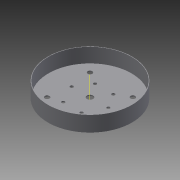
# Autodesk Inventor part: Top Cap
Saved by Autodesk Inventor 2015 (Build 190159000, 159)
## iProperties
Created: 2014-06-24
Part Number: Top Cap
Material: Generic
Document SubType Name: Modeling
Designer: Aki
Density: 1 g/cm^3
Appearance: Default
Author: Aki
Autodesk Inventor part; units mm, degrees
ref_plane "YZ Plane" through (0, 0, 0) normal (1, 0, 0) x (0, 1, 0)
ref_plane "XZ Plane" through (0, 0, 0) normal (0, 1, 0) x (-1, 0, 0)
ref_plane "XY Plane" through (0, 0, 0) normal (0, 0, 1) x (1, 0, 0)
sketch "Sketch1" plane through (0, 0, 0) normal (0, 1, 0) x (-1, 0, 0)
  circle A0 centre (0, 0) radius 87
  circle A1 centre (0, 0) radius 6.35
  circle A2 centre (38.1, 0) radius 3.175
  circle A3 centre (-38.1, 0) radius 3.175
  circle A4 centre (19.05, -29.4637) radius 3.175
  circle A5 centre (-19.05, -29.4637) radius 3.175
  circle A6 centre (19.05, 36.5255) radius 3.175
  circle A7 centre (-19.05, 36.5255) radius 3.175
  circle A8 centre (44.45, -44.45) radius 4.7625
  circle A9 centre (-44.45, -44.45) radius 4.7625
  circle A10 centre (44.45, 44.45) radius 4.7625
  circle A11 centre (-44.45, 44.45) radius 4.7625
  dimension "d1" = 174
  dimension "d7" = 12.7
  dimension "d8" = 6.35
  dimension "d9" = 6.35
  dimension "d10" = 38.1
  dimension "d11" = 38.1
  dimension "d12" = 6.35
  dimension "d13" = 6.35
  dimension "d14" = 6.35
  dimension "d15" = 6.35
  dimension "d16" = 65.9892
  dimension "d17" = 65.9892
  dimension "d18" = 19.05
  dimension "d19" = 19.05
  dimension "d20" = 9.525
  dimension "d21" = 9.525
  dimension "d22" = 9.525
  dimension "d23" = 9.525
  dimension "d24" = 88.9
  dimension "d25" = 88.9
  dimension "d26" = 44.45
  dimension "d27" = 44.45
  dimension "d28" = 88.9
  dimension "d29" = 44.45
  dimension "d30" = 0
  constraints: 12 centre point, 1 coincident
  measures "d1" diameter of A0
  measures "d7" diameter of A1
  measures "d8" diameter of A2
  measures "d9" diameter of A3
  measures "d10" distance of point (0, 0) A2.centre
  measures "d11" distance of A3.centre point (0, 0)
  measures "d12" diameter of A4
  measures "d13" diameter of A5
  measures "d14" diameter of A6
  measures "d15" diameter of A7
  measures "d16" distance of A6.centre A4.centre
  measures "d17" distance of A5.centre A7.centre
  measures "d18" horizontal distance of A4.centre A2.centre
  measures "d19" horizontal distance of A3.centre A5.centre
  measures "d20" diameter of A8
  measures "d21" diameter of A9
  measures "d22" diameter of A10
  measures "d23" diameter of A11
  measures "d24" distance of A11.centre A10.centre
  measures "d25" distance of A9.centre A8.centre
  measures "d26" horizontal distance of A8.centre point (0, 0)
  measures "d27" horizontal distance of point (0, 0) A10.centre
  measures "d28" distance of A8.centre A10.centre
  measures "d29" horizontal distance of A8.centre A0.centre
  measures "d30" distance of point (0, 0) A0.centre
extrude "Extrusion3" add sketch "Sketch1" along normal blind 31.75
sketch "Sketch3" plane through (0, 31.75, 0) normal (0, 1, 0) x (1, 0, 0)
  circle A0 centre (0, 0) radius 86
  dimension "d33" = 172
  constraints: 1 centre point, 1 coincident
  measures "d33" diameter of A0
hole "Hole1" at (0, 31.75, 0) direction (0, -1, 0) diameter 172 depth 29.75
body "Solid2"
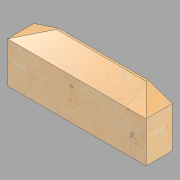
# Autodesk Inventor part: Straight_cap_7
Saved by Autodesk Inventor 2022.2 (Build 262287010, 287A)
## iProperties
Created: 2021-12-03
Part Number: Straight_cap_7
Material: Limestone
Document SubType Name: Modeling
Designer: awelt
Density: 2.6 g/cm^3
Appearance: Kasota Gray
Mass: 103022 g
Surface Area: 8511.98 cm^2
Volume: 39623.9 cm^3
Author: awelt
Autodesk Inventor part; units mm, degrees
ref_plane "YZ Plane" through (0, 0, 0) normal (1, 0, 0) x (0, 1, 0)
ref_plane "XZ Plane" through (0, 0, 0) normal (0, 1, 0) x (-1, 0, 0)
ref_plane "XY Plane" through (0, 0, 0) normal (0, 0, 1) x (1, 0, 0)
sketch "Sketch1" plane through (0, 0, 0) normal (0, 1, 0) x (-1, 0, 0)
  line L0 (431.8, -82.55) -> (-431.8, -82.55)
  line L1 (-431.8, -82.55) -> (-431.8, 82.55)
  line L2 (-431.8, 82.55) -> (431.8, 82.55)
  line L3 (431.8, 82.55) -> (431.8, -82.55)
  line L4 (431.8, -82.55) -> (-431.8, 82.55) construction
  line L5 (-431.8, -82.55) -> (431.8, 82.55) construction
  point P0 (0, 0)
  dimension "d0" = 863.6
  dimension "d1" = 165.1
  constraints: 12 end point, 2 midpoint, 2 parallel, 1 horizontal, 1 perpendicular
  measures "d0" distance of L1.end L2.end
  measures "d1" distance of L0.end L1.end
extrude "Extrusion1" add sketch "Sketch1" along normal blind 304.8
sketch "Sketch2" plane through (431.8, 0, 82.55) normal (1, 0, 0) x (0, 0, -1)
  line L0 (0, 304.8) -> (165.1, 304.8) projected
  line L1 (165.1, 0) -> (165.1, 304.8) projected
  line L2 (12.7, 304.8) -> (165.1, 254)
  line L3 (165.1, 254) -> (165.1, 304.8)
  line L4 (165.1, 304.8) -> (12.7, 304.8)
  point P0 (82.55, 0)
  dimension "d4" = 12.7
  dimension "d5" = 50.8
  constraints: 6 end point, 2 point on line, 1 collinear, 1 perpendicular
  measures "d4" distance of L2.start L0.start
  measures "d5" distance of L2.end L0.end
extrude "Extrusion2" cut sketch "Sketch2" against normal through all
sketch "Sketch3" plane through (-431.8, 0, 82.55) normal (0, 0, 1) x (1, 0, 0)
  line L0 (0, 304.8) -> (863.6, 304.8) projected
  line L1 (863.6, 0) -> (863.6, 304.8) projected
  line L2 (431.8, 304.8) -> (431.8, 0) construction
  line L3 (863.6, 0) -> (0, 0) construction
  line L4 (711.2, 304.8) -> (863.6, 254)
  line L5 (152.4, 304.8) -> (0, 254)
  line L6 (0, 0) -> (0, 304.8) projected
  line L7 (0, 254) -> (0, 304.8)
  line L8 (0, 304.8) -> (152.4, 304.8)
  dimension "d8" = 152.4
  dimension "d9" = 50.8
  constraints: 10 end point, 2 collinear, 2 point on line, 2 symmetric about line, 1 midpoint, 1 perpendicular
  measures "d8" distance of L4.start L0.end
  measures "d9" distance of L4.end L0.end
extrude "Extrusion3" cut sketch "Sketch3" against normal through all contours L0 L1 L4
extrude "Extrusion4" cut sketch "Sketch3" against normal through all contours L0 L5 L6
body "Solid1"
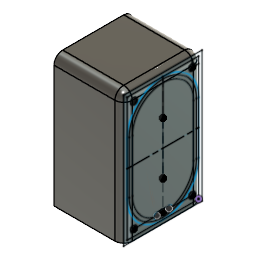
Speaker Mount (Autodesk Fusion 360 design; units mm, degrees)
Autodesk Fusion 360 part; units mm, degrees
sketch "Sketch1" plane through (0, 0, 0) normal (1, 0, 0) x (0, 1, 0)
  line L0 (0, 0) -> (-41, 0)
  line L1 (-41, 0) -> (-41, 71)
  line L2 (-41, 71) -> (0, 71)
  line L3 (0, 71) -> (0, 0)
  line L4 (-20.5, 71) -> (-20.5, 50.5)
  line L5 (-41, 35.5) -> (0, 35.5)
  line L6 (-38, 50.5) -> (-38, 20.5)
  arc A0 (-38, 20.5) -> (-3, 20.5) centre (-20.5, 20.5) ccw
  line L7 (-3, 20.5) -> (-3, 50.5)
  arc A1 (-3, 50.5) -> (-38, 50.5) centre (-20.5, 50.5) ccw
  line L8 (-20.5, 50.5) -> (-20.5, 20.5) construction
  line L9 (-39.7873, 50.5) -> (-39.7873, 20.5)
  arc A2 (-39.7873, 20.5) -> (-1.2127, 20.5) centre (-20.5, 20.5) ccw
  line L10 (-1.2127, 20.5) -> (-1.2127, 50.5)
  arc A3 (-1.2127, 50.5) -> (-39.7873, 50.5) centre (-20.5, 50.5) ccw
  line L11 (-20.5, 50.5) -> (-20.5, 20.5) construction
  line L12 (-3.75, 71) -> (-3.75, 67.25)
  line L13 (0, 67.25) -> (-3.75, 67.25)
  circle A4 centre (-3.75, 67.25) radius 1.75
  circle A5 centre (-37.25, 67.25) radius 1.75
  circle A6 centre (-37.25, 3.75) radius 1.75
  circle A7 centre (-3.75, 3.75) radius 1.75
  line L14 (-20.5, 71) -> (-20.5, 0) construction
  line L15 (2, -2) -> (-43, -2)
  line L16 (-43, -2) -> (-43, 73)
  line L17 (-43, 73) -> (2, 73)
  line L18 (2, 73) -> (2, -2)
  line L19 (-41, 50.5) -> (-41, 20.5)
  arc A8 (-41, 20.5) -> (0, 20.5) centre (-20.5, 20.5) ccw
  line L20 (0, 20.5) -> (0, 50.5)
  arc A9 (0, 50.5) -> (-41, 50.5) centre (-20.5, 50.5) ccw
  line L21 (-20.5, 50.5) -> (-20.5, 20.5) construction
  line L22 (-37.25, 3.75) -> (-3.75, 3.75)
  line L23 (-24, 2.25) -> (-17, 2.25)
  arc A10 (-17, 2.25) -> (-17, 5.25) centre (-17, 3.75) ccw
  line L24 (-17, 5.25) -> (-24, 5.25)
  arc A11 (-24, 5.25) -> (-24, 2.25) centre (-24, 3.75) ccw
  line L25 (-24, 3.75) -> (-17, 3.75) construction
  point P0 (-20.5, 3.75)
  dimension "d1" = 41
  dimension "d2" = 71
  dimension "d3" = 20.5
  dimension "d4" = 35
  dimension "d5" = 3.75
  dimension "d6" = 3.75
  dimension "d7" = 3.5
  dimension "d8" = 1.7873
  dimension "d9" = 30
  dimension "d10" = -2
  dimension "d27" = 3
  constraint horizontal L0
  constraint vertical L1
  constraint horizontal L2
  constraint vertical L3
  constraint coincident L0.start L3.end
  constraint midpoint L2 L4.start
  constraint perpendicular L2 L4
  constraint midpoint L1 L5.start
  constraint midpoint L3 L5.end
  constraint tangent L6 A0
  constraint tangent A0 L7
  constraint parallel L6 L7
  constraint tangent L7 A1
  constraint tangent L6 A1
  constraint perpendicular L5 L8
  constraint tangent L9 A2
  constraint tangent A2 L10
  constraint parallel L9 L10
  constraint tangent L10 A3
  constraint tangent L9 A3
  constraint coincident A0.centre L8.end
  constraint perpendicular L5 L11
  constraint coincident L2 L12.start
  constraint coincident L3 L13.start
  constraint coincident L12 L13.end
  constraint coincident L12.end L13
  constraint coincident L12.end L13.end
  constraint symmetric L8 A4 A5
  constraint symmetric L5 A4 A7
  constraint symmetric L5 A5 A6
  constraint midpoint L0 L14.end
  constraint concentric A1 A3
  constraint coincident L4.end A1.centre
  constraint perpendicular L12 L13
  constraint horizontal L13
  constraint tangent L19 A8
  constraint tangent A8 L20
  constraint parallel L19 L20
  constraint tangent L20 A9
  constraint tangent L19 A9
  constraint parallel L11 L21
  constraint coincident A6.centre L22.start
  constraint coincident A7.centre L22.end
  constraint tangent L23 A10
  constraint tangent A10 L24
  constraint parallel L23 L24
  constraint tangent L24 A11
  constraint tangent L23 A11
  constraint coincident L22 A10.centre
  constraint perpendicular L14 L25
  constraint midpoint L22 P0
  constraint midpoint L25 P0
  measures "d1" distance of L0.start L0.end
  measures "d2" distance of L0.start L2.end
  measures "d3" distance of L4.start L4.end
  measures "d4" diameter of A0
  measures "d5" distance of L12.start L12.end
  measures "d6" distance of L13.start L12.end
  measures "d7" diameter of A4
  measures "d8" distance of A0 A2
  measures "d9" vertical distance of L4.end A0.centre
  measures "d27" diameter of A10
extrude "Extrude1" add sketch "Sketch1" against normal blind 40 contours L0 L3 A8 | L0 L1 A8 | L2 L3 L12 L13 A4 A9 | L2 L3 L12 L13 A4 | L1 L2 A9 | L15 L16 L17 L18
extrude "Extrude2" add sketch "Sketch1" against normal blind 3 contours A2 A8 L22 | L3 L5 A2 L10 A8 L20 L22 | L1 L5 L9 A2 L19 A8 L22 | L3 L4 L5 L10 A3 L20 A9 | A0 A2 L22 L23 A10 A11 | L5 L6 A0 L9 A2 L22 | L5 A0 L7 A2 L10 L22 | L4 L5 L7 A1 L10 A3 | L1 L4 L5 L9 A3 L19 A9 | A0 L22 A11 | L5 L6 A0 L7 L22 A10 L24 A11 | A0 L22 A10 | L5 L6 L7 A1 | L4 L5 L6 A1 L9 A3 | A0 L22 A10 A11 | A0 L23 A10 A11 | L22 A10 L24 A11 | L12 L13 A4 | L12 L13 A4 | A5 | A6 | A7
fillet "Fillet2" radius 15.5 4 edges at (-3, -20.5, 0) (-3, 0, 35.5) (-3, -20.5, 71) (-3, -41, 35.5)
fillet "Fillet1" radius 5 2 edges at (-20, 2, 73) (-20, -43, 73)
fillet "Fillet3" radius 5 5 edges at (0, -43, 33) (0, -41.5355, 71.5355) (0, -20.5, 73) (0, 0.5355, 71.5355) (0, 2, 33)
sketch "Sketch2" plane through (-40, 0, 0) normal (-1, 0, 0) x (0, -1, 0)
  arc A0 (43, 68) -> (38, 73) centre (38, 68) ccw
  line L0 (38, 73) -> (3, 73)
  arc A1 (3, 73) -> (-2, 68) centre (3, 68) ccw
  line L1 (-2, 68) -> (-2, -2)
  line L2 (-2, -2) -> (43, -2)
  line L3 (43, -2) -> (43, 68)
  arc A2 (41, 50.5) -> (0, 50.5) centre (20.5, 50.5) ccw
  line L4 (41, 50.5) -> (41, 20.5)
  arc A3 (0, 20.5) -> (41, 20.5) centre (20.5, 20.5) ccw
  line L5 (0, 20.5) -> (0, 50.5)
  circle A4 centre (3.75, 3.75) radius 1.75
  circle A5 centre (37.25, 3.75) radius 1.75
  circle A6 centre (37.25, 67.25) radius 1.75
  circle A7 centre (3.75, 67.25) radius 1.75
  circle A8 centre (3.75, 67.25) radius 1.35
  circle A9 centre (3.75, 3.75) radius 1.35
  circle A10 centre (37.25, 3.75) radius 1.35 construction
  circle A11 centre (37.25, 67.25) radius 1.35 construction
  circle A12 centre (37.25, 67.25) radius 1.75
  circle A13 centre (37.25, 3.75) radius 1.75
  circle A14 centre (3.75, 3.75) radius 1.75
  circle A15 centre (3.75, 67.25) radius 1.75
  circle A16 centre (37.25, 3.75) radius 1.35
  circle A17 centre (37.25, 67.25) radius 1.35
  dimension "d21" = 2.7
  dimension "d22" = 2.7
  dimension "d23" = 2.7
  dimension "d24" = 2.7
  constraint concentric A7 A8
  constraint concentric A4 A9
  constraint concentric A5 A10
  constraint concentric A6 A11
  constraint concentric A11 A12
  constraint concentric A10 A13
  constraint concentric A9 A14
  constraint concentric A8 A15
  constraint concentric A10 A16
  constraint concentric A11 A17
  measures "d21" diameter of A8
  measures "d22" diameter of A9
  measures "d23" diameter of A10
  measures "d24" diameter of A11
extrude "Extrude3" add sketch "Sketch2" against normal blind 35 contours A4 A14 | A5 A13 | A6 A12 | A7 A15
extrude "Extrude4" cut sketch "Sketch1" against normal blind 39 contours A0 L22 A10 A11 | A0 L23 A10 A11 | L22 A10 L24 A11
equation "d3 = ( 41 / 2 ) * 1 mm"
equation "d5 = 2 mm + ( 3.5 / 2 ) * 1 mm"
equation "d6 = 2 mm + ( ( 3.5 / 2 ) * 1 mm )"

++++

* _Your objective_:
Report how many lines in the listing above hold the string "constraints", giving the number and no other words.

* _Output of the exercise_:
5